First-order superfluid-Mott-insulator transition for quantum optical switching in cavity QED arrays with two cavity modes

TL;DR

This paper theoretically explores phase transitions in cavity QED arrays with two photon modes, revealing a first-order superfluid-Mott insulator transition under specific conditions, which could inform future quantum optical switching device design.

Contribution

It identifies and explains the first-order superfluid-Mott insulator transition in cavity QED arrays with two photon modes, a phenomenon not previously characterized in this context.

Findings

First-order phase transition occurs under specific emitter models.

Discontinuous change in emitter states accompanies the transition.

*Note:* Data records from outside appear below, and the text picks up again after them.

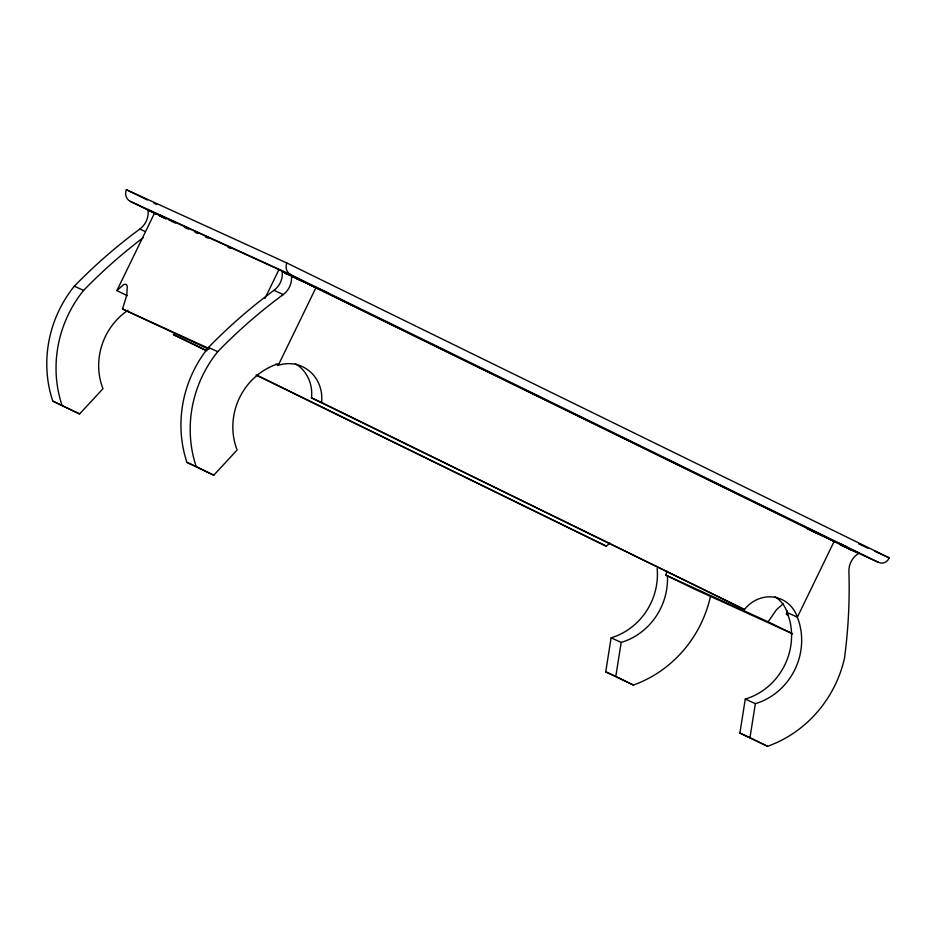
<?xml version="1.0" encoding="UTF-8"?>
<svg xmlns="http://www.w3.org/2000/svg" width="936" height="936" viewBox="0 0 936 936"><rect width="100%" height="100%" fill="white"/><g stroke="black" fill="none" stroke-linecap="round" stroke-linejoin="round"><path stroke-width="1.4" d="M710.284 597.203A117.175 109.968 -65.5 0 1 633.38 685.035L605.721 671.837L611.114 637.825A63.566 59.658 -65.5 0 0 657.154 568.515M633.38 685.035L615.794 676.435L621.2 642.424A63.566 59.658 -65.5 0 0 667.415 575.675M279.139 363.484A63.566 59.658 -65.5 0 0 237.136 449.994L213.771 475.207L186.943 462.372A117.175 109.968 -65.5 0 1 208.506 347.431A510.506 479.092 -65.5 0 1 273.991 290.324A19.48 18.287 -65.5 0 0 282.157 271.241L858.874 553.27A19.48 18.287 -65.5 0 0 848.917 571.475A510.506 479.092 -65.5 0 1 844.447 658.453A117.175 109.968 -65.5 0 1 767.543 746.296L739.885 733.087L745.278 699.075A63.566 59.658 -65.5 0 0 789.902 621.001L787.281 612.577A32.549 30.549 -65.5 0 0 775.008 596.712M767.543 746.296L749.958 737.697L755.364 703.685A63.566 59.658 -65.5 0 0 797.367 617.175L834.245 541.219L825.423 537.194L851.21 549.853M788.1 615.198L786.404 614.379L787.012 610.705M208.845 349.28L122.511 308.974L126.84 294.98L127.249 286.182A15.526 5.359 -63.9 0 0 123.657 284.602L116.895 290.616L127.202 295.659M665.648 575.032L768.117 621.82L792.593 633.801L692.698 588.276L665.648 575.032L667.169 571.229M116.895 290.616L154.662 212.858L278.963 269.615L824.171 536.609L810.962 530.583M264.97 298.42L278.963 269.615M786.404 614.379L787.281 612.577L797.367 617.175A32.549 30.549 -65.5 0 0 773.815 597.145A32.549 30.549 -65.5 0 0 744.483 609.523L321.551 402.48A36.644 34.386 -65.5 0 0 278.273 365.286L316.029 287.527L295.39 278.097M768.117 621.82L776.506 609.687L783.268 603.778M155.926 213.607L147.993 209.992A19.48 18.287 -65.5 0 1 139.827 229.074A510.506 479.092 -65.5 0 0 74.342 286.182A117.175 109.968 -65.5 0 0 52.779 401.123L79.607 413.946L102.972 388.732A63.566 59.658 -65.5 0 1 127.928 310.331M281.619 295.624L283.245 294.547A19.48 18.287 -65.5 0 0 291.412 275.465M156.3 214.11L130.385 201.427A9.301 8.728 -65.5 0 1 126.383 189.704L286.837 262.969L889.2 557.844A8.061 7.57 -65.5 0 1 878.6 562.431L840.142 544.869M130.385 201.427L290.839 274.693L878.6 562.431M184.345 227.308L188.311 229.121M205.499 236.96L208.143 238.177M227.986 247.233L230.63 248.438M284.848 273.195L288.814 275.008M291.459 276.214L328.419 293.085M195.062 232.292L197.707 233.497M858.698 543.921L867.976 548.157M874.61 551.187L889.2 557.844M806.984 528.676L846.635 546.776M848.788 548.671L858.874 553.27M139.827 229.074L145.115 231.484M273.991 290.324L283.245 294.547A510.506 479.092 -65.5 0 0 217.749 351.655A117.175 109.968 -65.5 0 0 196.197 466.596L213.771 475.207M275.746 364.127L278.273 365.286M74.342 286.182L83.585 290.406A510.506 479.092 -65.5 0 1 143.29 237.615M208.506 347.431L217.749 351.655M122.511 308.974L209.465 348.683M295.285 363.624A36.644 34.386 -65.5 0 1 311.466 397.87L321.551 402.48M609.862 543.137A36.644 34.386 -65.5 0 0 606.329 546.215L256.054 375.079M744.483 609.523L311.466 397.87M611.114 637.825L621.2 642.424M745.278 699.075L755.364 703.685M52.779 401.123L79.607 413.946M186.943 462.372L196.197 466.596M605.721 671.837L615.794 676.435M739.885 733.087L749.958 737.697M126.383 189.704L147.373 199.976M153.937 203.194L156.569 204.481M158.523 214.754L166.315 218.65M168.901 219.925L175.383 223.096M147.993 209.992L155.762 213.794M158.359 215.058L166.128 218.872M158.886 215.385L165.368 218.556M207.031 350.743L173.312 334.561L206.142 350.637M256.944 375.184L606.329 546.215M62.033 405.346A117.175 109.968 -65.5 0 1 83.585 290.406M290.839 274.693A9.301 8.728 -65.5 0 1 286.837 262.969"/></g></svg>
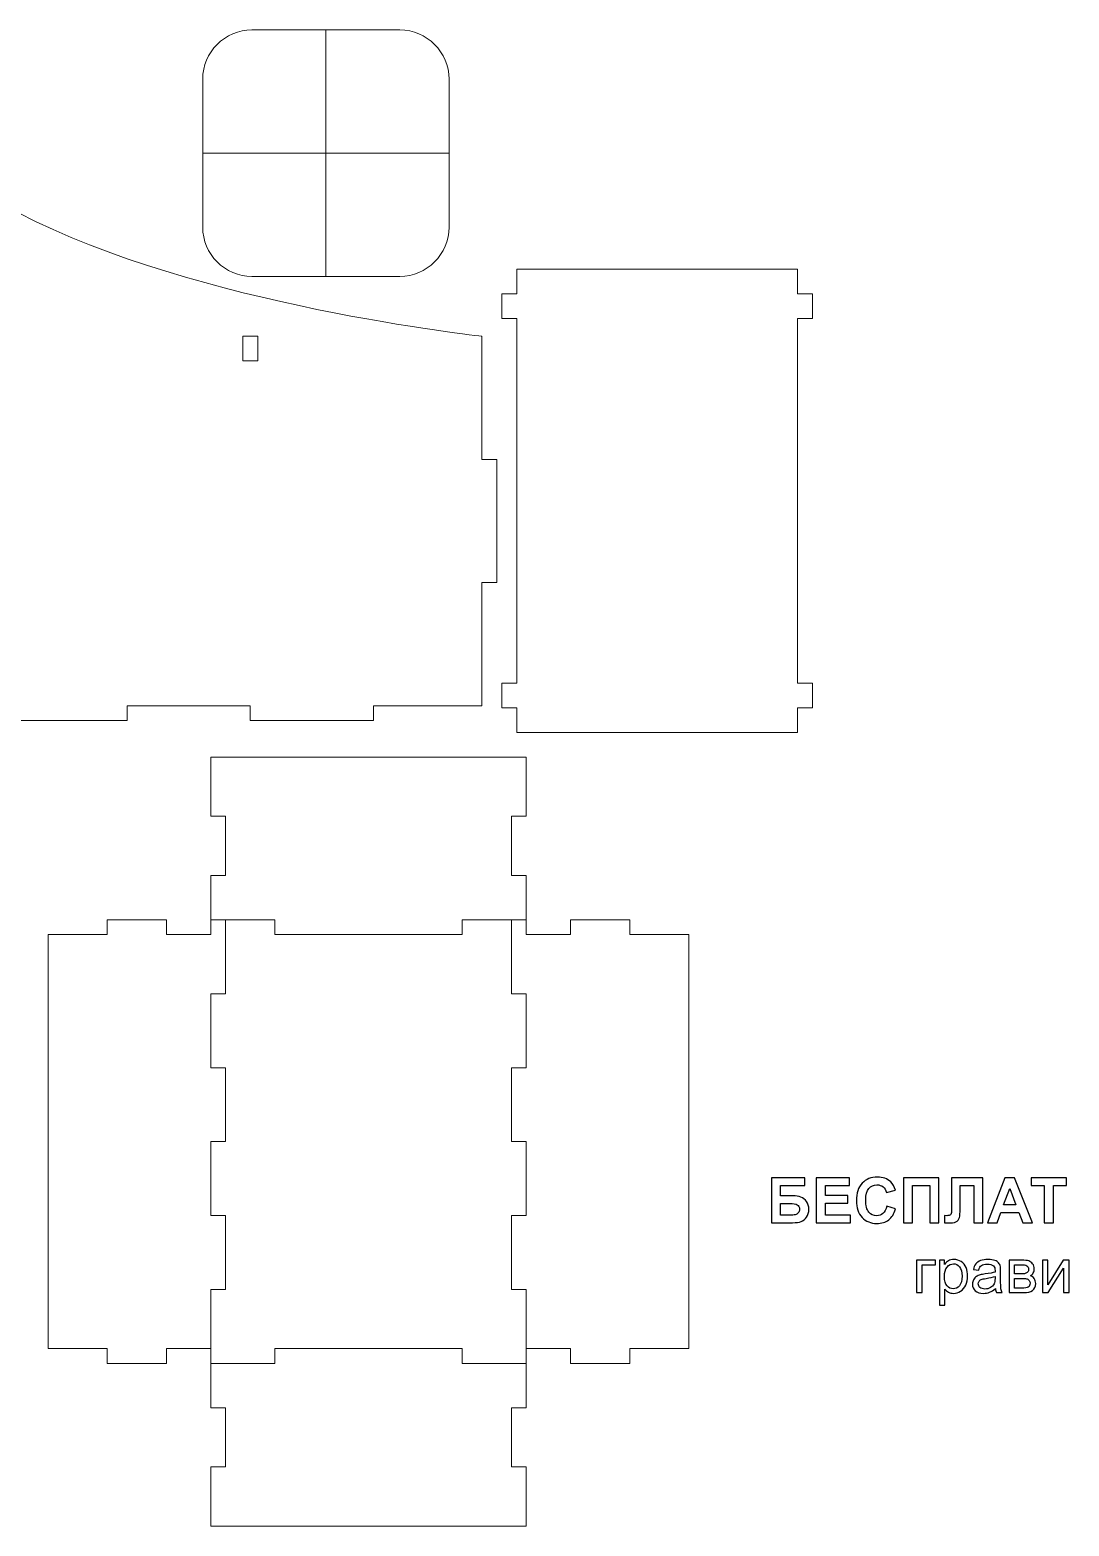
# Model space of a CAD drawing. Header units: centimetres. Extents: x 40 to 180, y 16 to 171.
# Drawn here: x 96.2 to 138.3, y 48.1 to 108.8 of the extents above; entities that cross this region are included whole.
import ezdxf

# ---------------------------------------------------------------- set-up
doc = ezdxf.new("R2010")
doc.units = ezdxf.units.CM
doc.header["$MEASUREMENT"] = 0
doc.layers.add('layer 1', color=7, linetype='Continuous')

msp = doc.modelspace()

# ---------------------------------------------------------------- linework, layer by layer
at = {"layer": 'layer 1', "color": 242, "lineweight": 20}
msp.add_lwpolyline([(104.81672, 95.33244), (105.41672, 95.33244), (105.41672, 96.33244), (104.81672, 96.33244), (104.81672, 95.33244)], close=True, dxfattribs=at)
for points, knots in [([(105.18418, 108.76091), (105.18418, 108.76091), (111.18419, 108.76091), (111.18419, 108.76091), (111.18419, 108.76091), (112.28419, 108.76091), (113.18419, 107.86091), (113.18419, 106.76091), (113.18419, 106.76091), (113.18419, 106.76091), (113.18419, 100.7609), (113.18419, 100.7609), (113.18419, 100.7609), (113.18419, 99.6609), (112.28419, 98.76091), (111.18419, 98.76091), (111.18419, 98.76091), (111.18419, 98.76091), (105.18418, 98.76091), (105.18418, 98.76091), (105.18418, 98.76091), (104.08418, 98.76091), (103.18419, 99.6609), (103.18419, 100.7609), (103.18419, 100.7609), (103.18419, 100.7609), (103.18419, 106.76091), (103.18419, 106.76091), (103.18419, 106.76091), (103.18419, 107.86091), (104.08418, 108.76091), (105.18418, 108.76091)], [0, 0, 0, 0, 0.11111111, 0.11111111, 0.11111111, 0.11111111, 0.22222222, 0.22222222, 0.22222222, 0.22222222, 0.33333333, 0.33333333, 0.33333333, 0.33333333, 0.44444444, 0.44444444, 0.44444444, 0.44444444, 0.55555556, 0.55555556, 0.55555556, 0.55555556, 0.66666667, 0.66666667, 0.66666667, 0.66666667, 0.77777778, 0.77777778, 0.77777778, 0.77777778, 1, 1, 1, 1]), ([(59.51672, 101.33244), (52.31268, 97.57123), (40.71674, 96.33246), (40.71674, 96.33246), (40.71674, 96.33246), (40.71674, 96.33246), (40.71674, 91.33242), (40.71674, 91.33242), (40.71674, 91.33242), (40.71674, 91.33242), (40.11674, 91.33244), (40.11674, 91.33244), (40.11674, 91.33244), (40.11674, 91.33244), (40.11672, 86.33242), (40.11672, 86.33242), (40.11672, 86.33242), (40.11672, 86.33242), (40.71674, 86.33242), (40.71674, 86.33242), (40.71674, 86.33242), (40.71674, 86.33242), (40.71672, 81.33266), (40.71672, 81.33266), (40.71672, 81.33266), (40.71672, 81.33266), (45.11672, 81.33266), (45.11672, 81.33266), (45.11672, 81.33266), (45.11672, 81.33266), (45.11672, 80.73242), (45.11672, 80.73242), (45.11672, 80.73242), (45.11672, 80.73242), (50.11672, 80.73242), (50.11672, 80.73242), (50.11672, 80.73242), (50.11672, 80.73242), (50.11672, 81.33266), (50.11672, 81.33266), (50.11672, 81.33266), (50.11672, 81.33266), (55.11672, 81.33244), (55.11672, 81.33244), (55.11672, 81.33244), (55.11672, 81.33244), (55.11672, 80.73242), (55.11672, 80.73242), (55.11672, 80.73242), (55.11672, 80.73242), (65.11674, 80.73242), (65.11674, 80.73242), (65.11674, 80.73242), (65.11674, 80.73242), (65.11674, 81.33266), (65.11674, 81.33266), (65.11674, 81.33266), (65.11674, 81.33266), (70.11674, 81.33266), (70.11674, 81.33266), (70.11674, 81.33266), (70.11674, 81.33266), (70.11674, 80.73242), (70.11674, 80.73242), (70.11674, 80.73242), (70.11674, 80.73242), (75.11672, 80.73242), (75.11672, 80.73242), (75.11672, 80.73242), (75.11672, 80.73242), (75.1167, 81.33266), (75.1167, 81.33266), (75.1167, 81.33266), (75.1167, 81.33266), (80.11672, 81.33266), (80.11672, 81.33266), (80.11672, 81.33266), (80.11672, 81.33266), (80.1167, 80.73242), (80.1167, 80.73242), (80.1167, 80.73242), (80.1167, 80.73242), (85.11672, 80.73242), (85.11672, 80.73242), (85.11672, 80.73242), (85.11672, 80.73242), (85.1167, 81.33266), (85.1167, 81.33266), (85.1167, 81.33266), (85.1167, 81.33266), (90.11672, 81.33266), (90.11672, 81.33266), (90.11672, 81.33266), (90.11672, 81.33266), (90.1167, 80.73242), (90.1167, 80.73242), (90.1167, 80.73242), (90.1167, 80.73242), (100.11672, 80.73242), (100.11672, 80.73242), (100.11672, 80.73242), (100.11672, 80.73242), (100.11672, 81.33266), (100.11672, 81.33266), (100.11672, 81.33266), (100.11672, 81.33266), (105.11672, 81.33266), (105.11672, 81.33266), (105.11672, 81.33266), (105.11672, 81.33266), (105.1167, 80.73242), (105.1167, 80.73242), (105.1167, 80.73242), (105.1167, 80.73242), (110.11674, 80.73242), (110.11674, 80.73242), (110.11674, 80.73242), (110.11674, 80.73242), (110.11672, 81.33266), (110.11672, 81.33266), (110.11672, 81.33266), (110.11672, 81.33266), (114.51672, 81.33266), (114.51672, 81.33266), (114.51672, 81.33266), (114.51672, 81.33266), (114.5167, 86.33242), (114.5167, 86.33242), (114.5167, 86.33242), (114.5167, 86.33242), (115.11674, 86.33242), (115.11674, 86.33242), (115.11674, 86.33242), (115.11674, 86.33242), (115.11674, 91.33244), (115.11674, 91.33244), (115.11674, 91.33244), (115.11674, 91.33244), (114.5167, 91.33242), (114.5167, 91.33242), (114.5167, 91.33242), (114.5167, 91.33242), (114.5167, 96.33246), (114.5167, 96.33246), (114.5167, 96.33246), (114.5167, 96.33246), (102.92118, 97.57367), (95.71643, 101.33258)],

Conditions for the transition provide design insights for quantum optical switches.

Abstract

We theoretically investigated the ground states of coupled arrays of cavity quantum electrodynamical (cavity QED) systems in presence of two photon modes. Within the Gutzwiller-type variational approach, we found the first-order quantum phase transition between Mott insulating and superfluid phases as well as the conventional second-order one. The first-order phase transition was found only for specific types of emitter models, and its physical origin is clarified based on the analytic arguments which are allowed in the perturbative and semiclassical limits. The first-order transition of the correlated photons is accompanied with discontinuous change in the emitter states, not only with the appearance of inter-cavity coherence in the superfluid phase. We also discuss the condition for the first-order transition to occur, which can lead to a strategy for future design of quantum optical switching devices with cavity QED arrays.